Exercise aim
Both the line below containing "(12.7, 0), align=None)" and the line containing "Rectangle(SKETCH13_W, SKETCH13_H)", along with every line between them, should be repeated exactly; no other line belongs in the answer.
==== Material shown ====
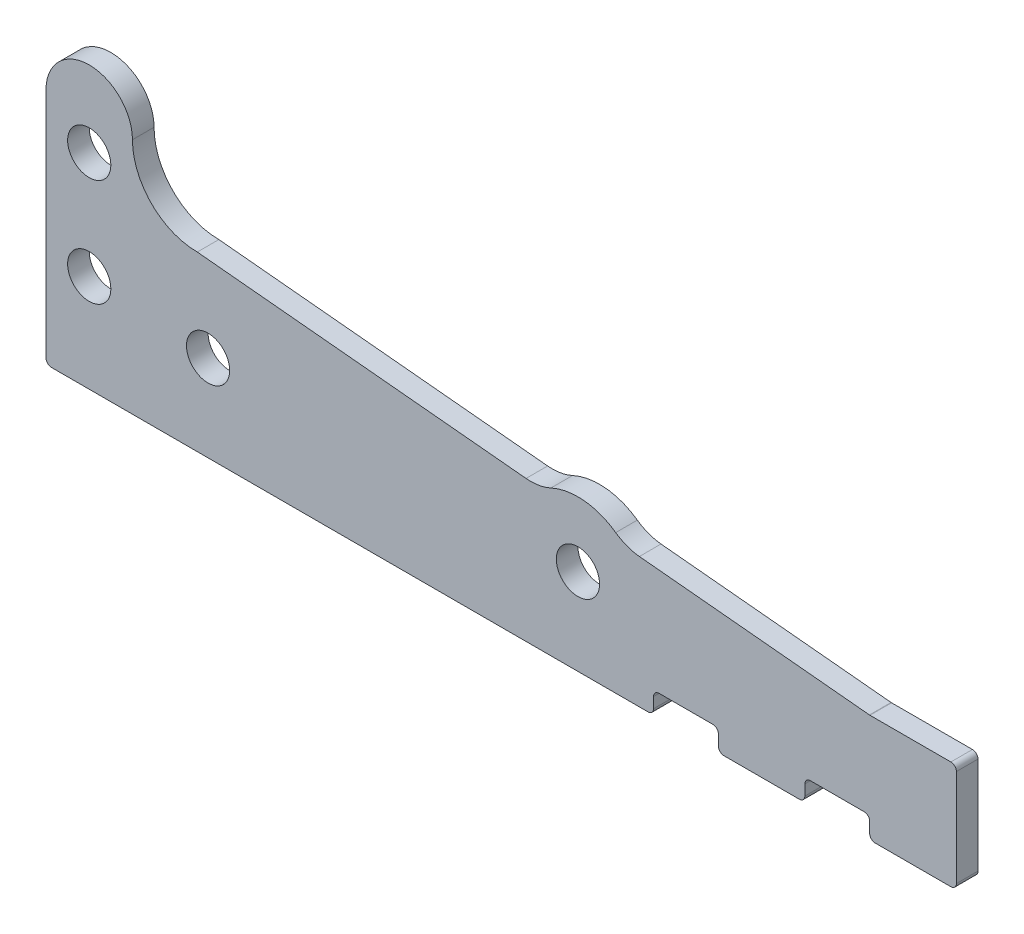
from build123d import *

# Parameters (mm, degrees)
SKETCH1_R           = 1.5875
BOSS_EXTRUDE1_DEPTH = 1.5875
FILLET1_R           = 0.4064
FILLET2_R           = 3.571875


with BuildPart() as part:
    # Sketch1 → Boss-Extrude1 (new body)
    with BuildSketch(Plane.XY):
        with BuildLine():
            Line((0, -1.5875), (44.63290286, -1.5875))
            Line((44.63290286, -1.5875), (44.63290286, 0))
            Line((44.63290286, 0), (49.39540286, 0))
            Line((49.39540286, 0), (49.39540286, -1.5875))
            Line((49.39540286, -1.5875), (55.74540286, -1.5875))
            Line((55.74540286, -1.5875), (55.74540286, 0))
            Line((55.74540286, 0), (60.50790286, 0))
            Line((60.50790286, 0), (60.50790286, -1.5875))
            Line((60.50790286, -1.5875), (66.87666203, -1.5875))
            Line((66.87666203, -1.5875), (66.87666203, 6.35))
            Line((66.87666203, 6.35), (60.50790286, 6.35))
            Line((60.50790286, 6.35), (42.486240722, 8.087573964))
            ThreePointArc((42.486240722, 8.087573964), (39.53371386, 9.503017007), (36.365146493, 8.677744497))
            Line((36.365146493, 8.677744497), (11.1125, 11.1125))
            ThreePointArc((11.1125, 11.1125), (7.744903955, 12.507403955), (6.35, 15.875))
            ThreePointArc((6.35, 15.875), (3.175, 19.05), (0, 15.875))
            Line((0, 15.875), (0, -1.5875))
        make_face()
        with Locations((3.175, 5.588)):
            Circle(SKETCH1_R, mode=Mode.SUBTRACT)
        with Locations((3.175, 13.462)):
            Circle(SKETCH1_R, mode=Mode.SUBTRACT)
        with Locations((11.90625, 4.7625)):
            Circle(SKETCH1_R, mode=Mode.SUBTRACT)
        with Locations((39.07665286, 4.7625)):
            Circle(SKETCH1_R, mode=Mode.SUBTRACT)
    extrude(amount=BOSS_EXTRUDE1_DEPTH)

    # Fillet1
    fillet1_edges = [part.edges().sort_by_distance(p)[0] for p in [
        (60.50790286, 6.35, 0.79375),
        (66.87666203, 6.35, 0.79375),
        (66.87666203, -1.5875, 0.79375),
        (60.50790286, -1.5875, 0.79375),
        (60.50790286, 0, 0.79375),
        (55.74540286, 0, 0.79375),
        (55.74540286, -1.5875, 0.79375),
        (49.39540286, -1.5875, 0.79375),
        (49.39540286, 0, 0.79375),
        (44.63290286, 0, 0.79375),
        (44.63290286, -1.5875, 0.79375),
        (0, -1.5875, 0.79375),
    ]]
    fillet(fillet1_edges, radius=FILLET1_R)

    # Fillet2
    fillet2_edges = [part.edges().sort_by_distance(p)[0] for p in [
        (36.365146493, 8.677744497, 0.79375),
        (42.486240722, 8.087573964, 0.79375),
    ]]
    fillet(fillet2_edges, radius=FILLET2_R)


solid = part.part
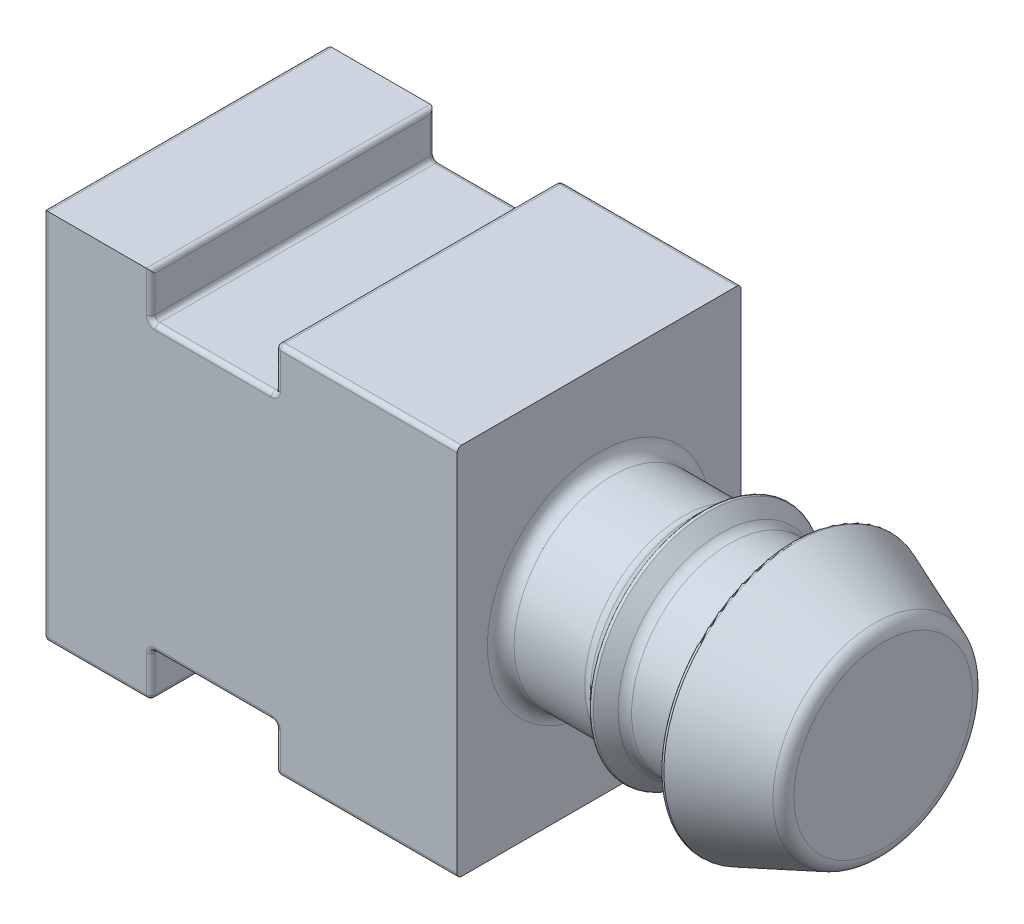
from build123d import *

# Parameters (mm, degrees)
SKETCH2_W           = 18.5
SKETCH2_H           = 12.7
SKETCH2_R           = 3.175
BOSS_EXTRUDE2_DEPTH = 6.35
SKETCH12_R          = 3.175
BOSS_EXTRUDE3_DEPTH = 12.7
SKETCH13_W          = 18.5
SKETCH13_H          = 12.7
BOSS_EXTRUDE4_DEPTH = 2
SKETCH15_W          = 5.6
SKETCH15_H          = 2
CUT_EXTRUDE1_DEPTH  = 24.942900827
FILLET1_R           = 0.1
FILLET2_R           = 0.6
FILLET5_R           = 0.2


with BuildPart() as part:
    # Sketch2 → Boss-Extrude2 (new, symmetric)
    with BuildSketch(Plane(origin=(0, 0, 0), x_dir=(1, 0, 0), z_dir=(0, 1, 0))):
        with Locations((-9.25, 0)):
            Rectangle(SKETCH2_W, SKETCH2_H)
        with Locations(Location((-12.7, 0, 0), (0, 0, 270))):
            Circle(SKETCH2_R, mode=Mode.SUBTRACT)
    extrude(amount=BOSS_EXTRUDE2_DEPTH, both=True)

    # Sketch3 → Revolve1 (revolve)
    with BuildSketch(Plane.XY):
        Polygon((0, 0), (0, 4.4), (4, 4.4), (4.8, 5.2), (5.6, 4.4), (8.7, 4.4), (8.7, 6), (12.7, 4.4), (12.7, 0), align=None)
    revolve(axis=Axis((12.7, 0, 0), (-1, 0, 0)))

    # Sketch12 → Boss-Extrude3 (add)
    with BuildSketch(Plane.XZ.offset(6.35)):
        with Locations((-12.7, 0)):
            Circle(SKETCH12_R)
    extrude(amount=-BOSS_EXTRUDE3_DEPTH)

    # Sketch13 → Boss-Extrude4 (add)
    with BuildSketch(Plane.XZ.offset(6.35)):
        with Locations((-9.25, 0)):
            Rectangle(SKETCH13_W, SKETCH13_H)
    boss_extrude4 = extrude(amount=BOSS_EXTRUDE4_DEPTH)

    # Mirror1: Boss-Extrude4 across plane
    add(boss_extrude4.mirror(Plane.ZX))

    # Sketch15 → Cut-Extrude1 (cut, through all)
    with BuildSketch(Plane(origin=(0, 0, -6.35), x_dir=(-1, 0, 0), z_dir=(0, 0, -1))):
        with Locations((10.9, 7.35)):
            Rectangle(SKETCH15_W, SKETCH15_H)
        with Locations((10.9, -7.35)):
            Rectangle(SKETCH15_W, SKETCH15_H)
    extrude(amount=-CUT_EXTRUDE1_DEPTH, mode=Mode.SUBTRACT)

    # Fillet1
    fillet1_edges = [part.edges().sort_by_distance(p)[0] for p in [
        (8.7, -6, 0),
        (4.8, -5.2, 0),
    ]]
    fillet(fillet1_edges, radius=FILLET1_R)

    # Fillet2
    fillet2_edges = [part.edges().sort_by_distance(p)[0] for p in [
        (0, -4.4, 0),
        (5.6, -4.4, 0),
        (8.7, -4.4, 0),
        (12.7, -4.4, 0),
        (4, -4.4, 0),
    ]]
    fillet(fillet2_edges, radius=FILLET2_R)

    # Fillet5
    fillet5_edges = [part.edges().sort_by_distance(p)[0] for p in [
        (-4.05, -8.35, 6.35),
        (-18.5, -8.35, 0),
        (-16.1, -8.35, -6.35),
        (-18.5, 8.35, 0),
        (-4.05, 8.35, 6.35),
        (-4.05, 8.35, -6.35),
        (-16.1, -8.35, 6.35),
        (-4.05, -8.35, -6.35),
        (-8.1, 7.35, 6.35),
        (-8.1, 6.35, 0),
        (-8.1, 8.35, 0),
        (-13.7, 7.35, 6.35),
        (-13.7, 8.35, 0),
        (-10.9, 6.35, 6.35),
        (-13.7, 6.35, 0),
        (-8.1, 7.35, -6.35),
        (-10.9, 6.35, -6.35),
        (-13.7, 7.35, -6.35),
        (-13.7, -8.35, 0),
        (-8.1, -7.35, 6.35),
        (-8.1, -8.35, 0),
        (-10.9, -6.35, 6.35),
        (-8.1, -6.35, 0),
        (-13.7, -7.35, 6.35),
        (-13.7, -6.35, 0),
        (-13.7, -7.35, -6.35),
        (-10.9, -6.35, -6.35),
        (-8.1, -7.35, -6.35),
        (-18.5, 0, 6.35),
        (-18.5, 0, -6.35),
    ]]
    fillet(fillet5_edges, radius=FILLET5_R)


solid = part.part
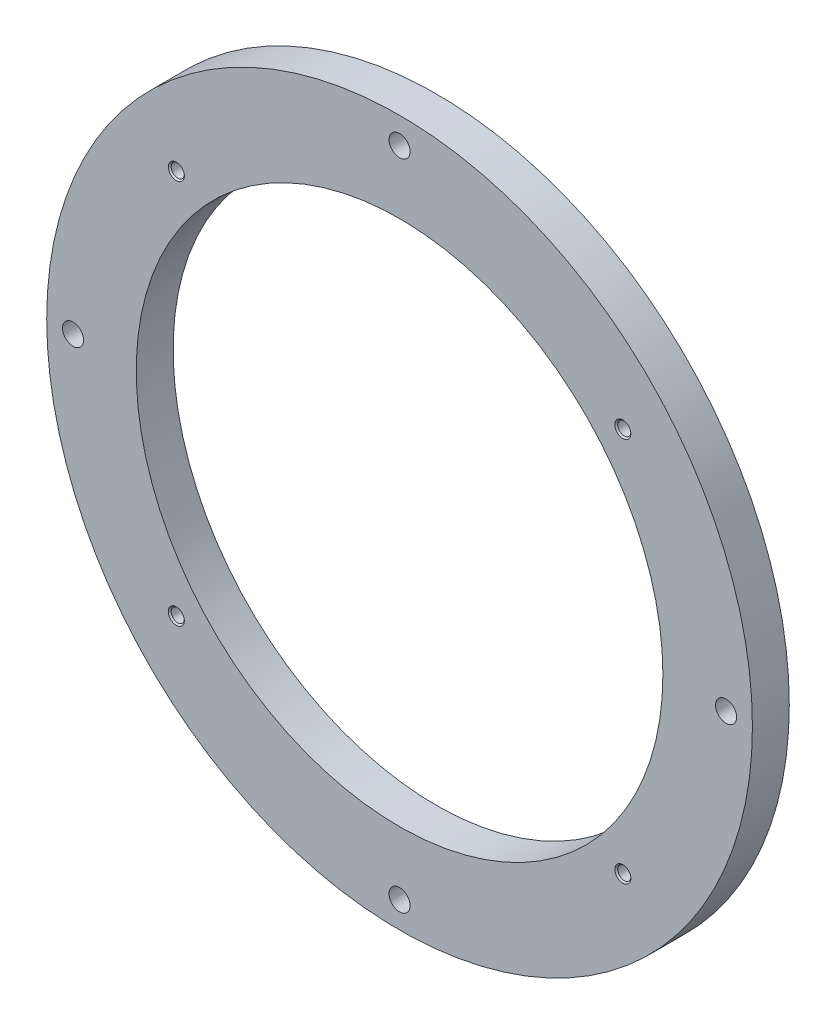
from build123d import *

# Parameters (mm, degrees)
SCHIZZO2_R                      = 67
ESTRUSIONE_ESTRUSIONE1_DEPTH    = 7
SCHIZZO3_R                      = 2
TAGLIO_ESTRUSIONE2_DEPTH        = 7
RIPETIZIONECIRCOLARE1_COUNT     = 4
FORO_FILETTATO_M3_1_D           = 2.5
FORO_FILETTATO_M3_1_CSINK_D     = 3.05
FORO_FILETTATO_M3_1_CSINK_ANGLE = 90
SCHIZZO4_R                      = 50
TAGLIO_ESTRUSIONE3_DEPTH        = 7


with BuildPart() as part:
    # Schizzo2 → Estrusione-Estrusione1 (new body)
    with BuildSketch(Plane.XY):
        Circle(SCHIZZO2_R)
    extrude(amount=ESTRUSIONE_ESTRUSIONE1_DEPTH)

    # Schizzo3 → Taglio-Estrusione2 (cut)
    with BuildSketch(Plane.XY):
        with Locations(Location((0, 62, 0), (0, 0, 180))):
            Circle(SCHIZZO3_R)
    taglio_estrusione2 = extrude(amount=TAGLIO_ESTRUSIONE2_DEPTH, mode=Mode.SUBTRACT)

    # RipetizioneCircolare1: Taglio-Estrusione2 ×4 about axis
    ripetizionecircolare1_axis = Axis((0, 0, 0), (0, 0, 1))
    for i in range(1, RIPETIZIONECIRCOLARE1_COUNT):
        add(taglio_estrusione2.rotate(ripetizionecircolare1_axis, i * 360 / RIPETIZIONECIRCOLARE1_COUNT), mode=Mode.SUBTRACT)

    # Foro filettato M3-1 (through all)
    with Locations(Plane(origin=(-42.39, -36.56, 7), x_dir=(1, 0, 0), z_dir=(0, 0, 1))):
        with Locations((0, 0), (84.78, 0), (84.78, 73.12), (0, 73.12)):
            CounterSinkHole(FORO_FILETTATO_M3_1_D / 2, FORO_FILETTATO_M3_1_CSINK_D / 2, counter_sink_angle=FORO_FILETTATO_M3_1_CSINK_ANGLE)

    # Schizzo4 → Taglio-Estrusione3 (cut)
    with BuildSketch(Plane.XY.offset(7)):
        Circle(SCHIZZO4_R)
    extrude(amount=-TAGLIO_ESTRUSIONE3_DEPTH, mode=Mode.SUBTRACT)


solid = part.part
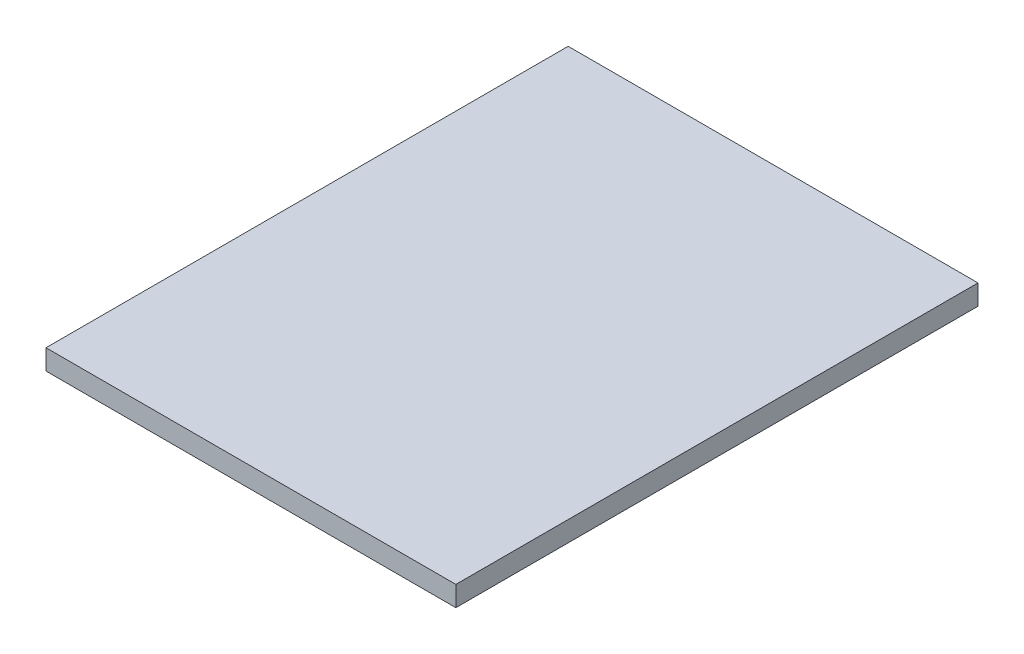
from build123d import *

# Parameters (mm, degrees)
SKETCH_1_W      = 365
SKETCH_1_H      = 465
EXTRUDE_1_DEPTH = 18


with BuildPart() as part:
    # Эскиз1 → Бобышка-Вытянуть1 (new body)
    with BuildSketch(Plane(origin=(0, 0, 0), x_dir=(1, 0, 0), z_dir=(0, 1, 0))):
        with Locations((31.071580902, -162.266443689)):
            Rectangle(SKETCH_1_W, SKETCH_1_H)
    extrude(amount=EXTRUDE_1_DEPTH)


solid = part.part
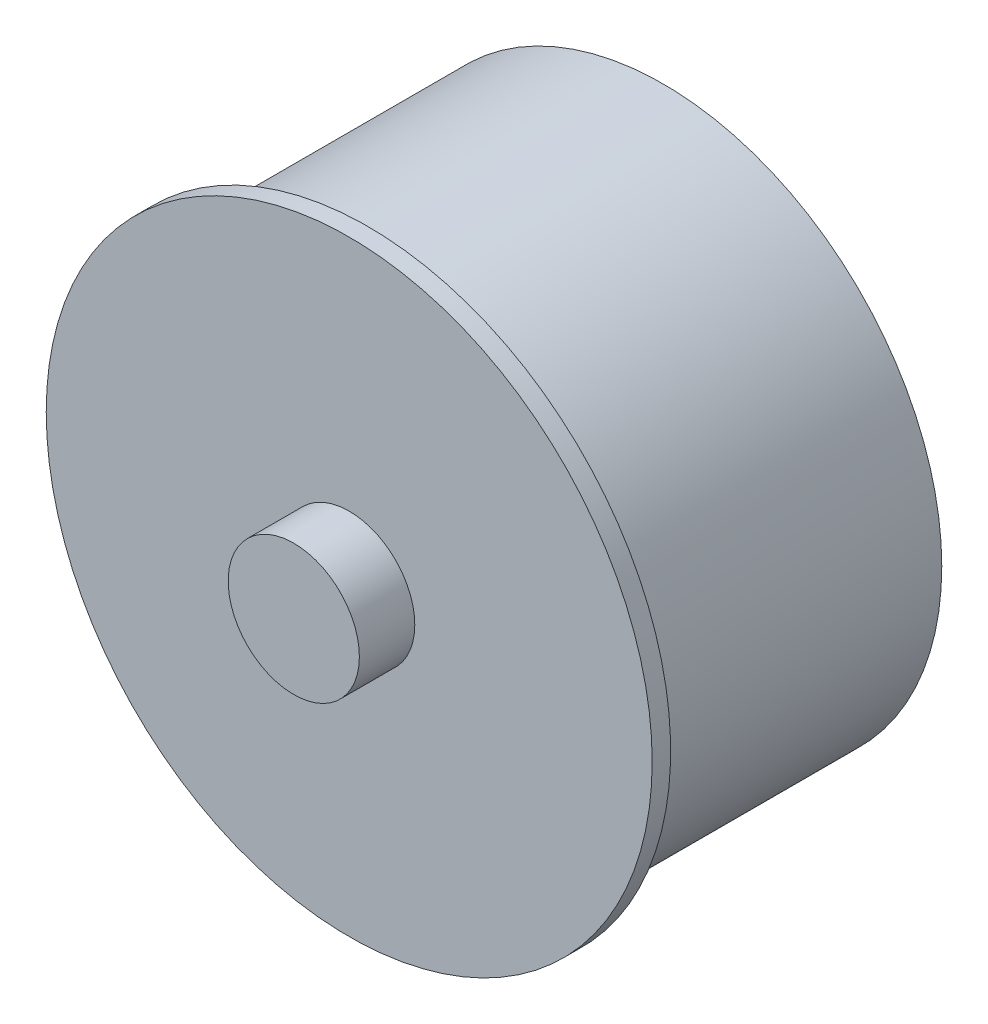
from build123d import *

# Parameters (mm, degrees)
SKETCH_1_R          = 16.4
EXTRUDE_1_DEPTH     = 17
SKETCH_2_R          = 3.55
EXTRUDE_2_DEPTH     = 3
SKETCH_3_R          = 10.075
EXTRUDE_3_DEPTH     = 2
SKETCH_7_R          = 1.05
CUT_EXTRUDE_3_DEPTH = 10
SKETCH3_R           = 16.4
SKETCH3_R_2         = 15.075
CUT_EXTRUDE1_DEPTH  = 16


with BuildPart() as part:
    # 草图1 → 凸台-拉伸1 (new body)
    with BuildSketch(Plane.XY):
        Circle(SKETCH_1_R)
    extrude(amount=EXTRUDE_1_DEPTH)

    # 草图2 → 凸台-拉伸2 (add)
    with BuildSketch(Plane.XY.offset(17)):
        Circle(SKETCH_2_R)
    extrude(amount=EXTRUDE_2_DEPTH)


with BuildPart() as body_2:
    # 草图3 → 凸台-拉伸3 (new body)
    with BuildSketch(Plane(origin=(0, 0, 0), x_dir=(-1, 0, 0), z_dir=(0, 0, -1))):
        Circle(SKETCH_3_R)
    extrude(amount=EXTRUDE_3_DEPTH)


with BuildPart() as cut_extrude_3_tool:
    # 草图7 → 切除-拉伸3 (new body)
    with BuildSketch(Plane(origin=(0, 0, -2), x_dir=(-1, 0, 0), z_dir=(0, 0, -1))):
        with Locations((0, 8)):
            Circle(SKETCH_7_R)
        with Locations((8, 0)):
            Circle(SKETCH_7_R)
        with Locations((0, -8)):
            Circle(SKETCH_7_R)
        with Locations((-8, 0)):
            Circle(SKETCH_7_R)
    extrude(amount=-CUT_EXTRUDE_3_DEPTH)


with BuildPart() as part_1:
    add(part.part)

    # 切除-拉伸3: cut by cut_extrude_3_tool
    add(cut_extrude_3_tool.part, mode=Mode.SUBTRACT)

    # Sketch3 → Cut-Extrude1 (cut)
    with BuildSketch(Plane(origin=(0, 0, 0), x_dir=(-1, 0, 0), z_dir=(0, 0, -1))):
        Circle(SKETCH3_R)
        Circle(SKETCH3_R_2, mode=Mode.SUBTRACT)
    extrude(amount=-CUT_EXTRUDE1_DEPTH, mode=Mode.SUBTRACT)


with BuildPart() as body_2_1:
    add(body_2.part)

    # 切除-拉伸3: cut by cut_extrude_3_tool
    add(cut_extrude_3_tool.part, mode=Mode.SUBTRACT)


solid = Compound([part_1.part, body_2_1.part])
====
Your response
        Polygon((0, 0), (0, 4.4), (4, 4.4), (4.8, 5.2), (5.6, 4.4), (8.7, 4.4), (8.7, 6), (12.7, 4.4), (12.7, 0), align=None)
    revolve(axis=Axis((12.7, 0, 0), (-1, 0, 0)))

    # Sketch12 → Boss-Extrude3 (add)
    with BuildSketch(Plane.XZ.offset(6.35)):
        with Locations((-12.7, 0)):
            Circle(SKETCH12_R)
    extrude(amount=-BOSS_EXTRUDE3_DEPTH)

    # Sketch13 → Boss-Extrude4 (add)
    with BuildSketch(Plane.XZ.offset(6.35)):
        with Locations((-9.25, 0)):
            Rectangle(SKETCH13_W, SKETCH13_H)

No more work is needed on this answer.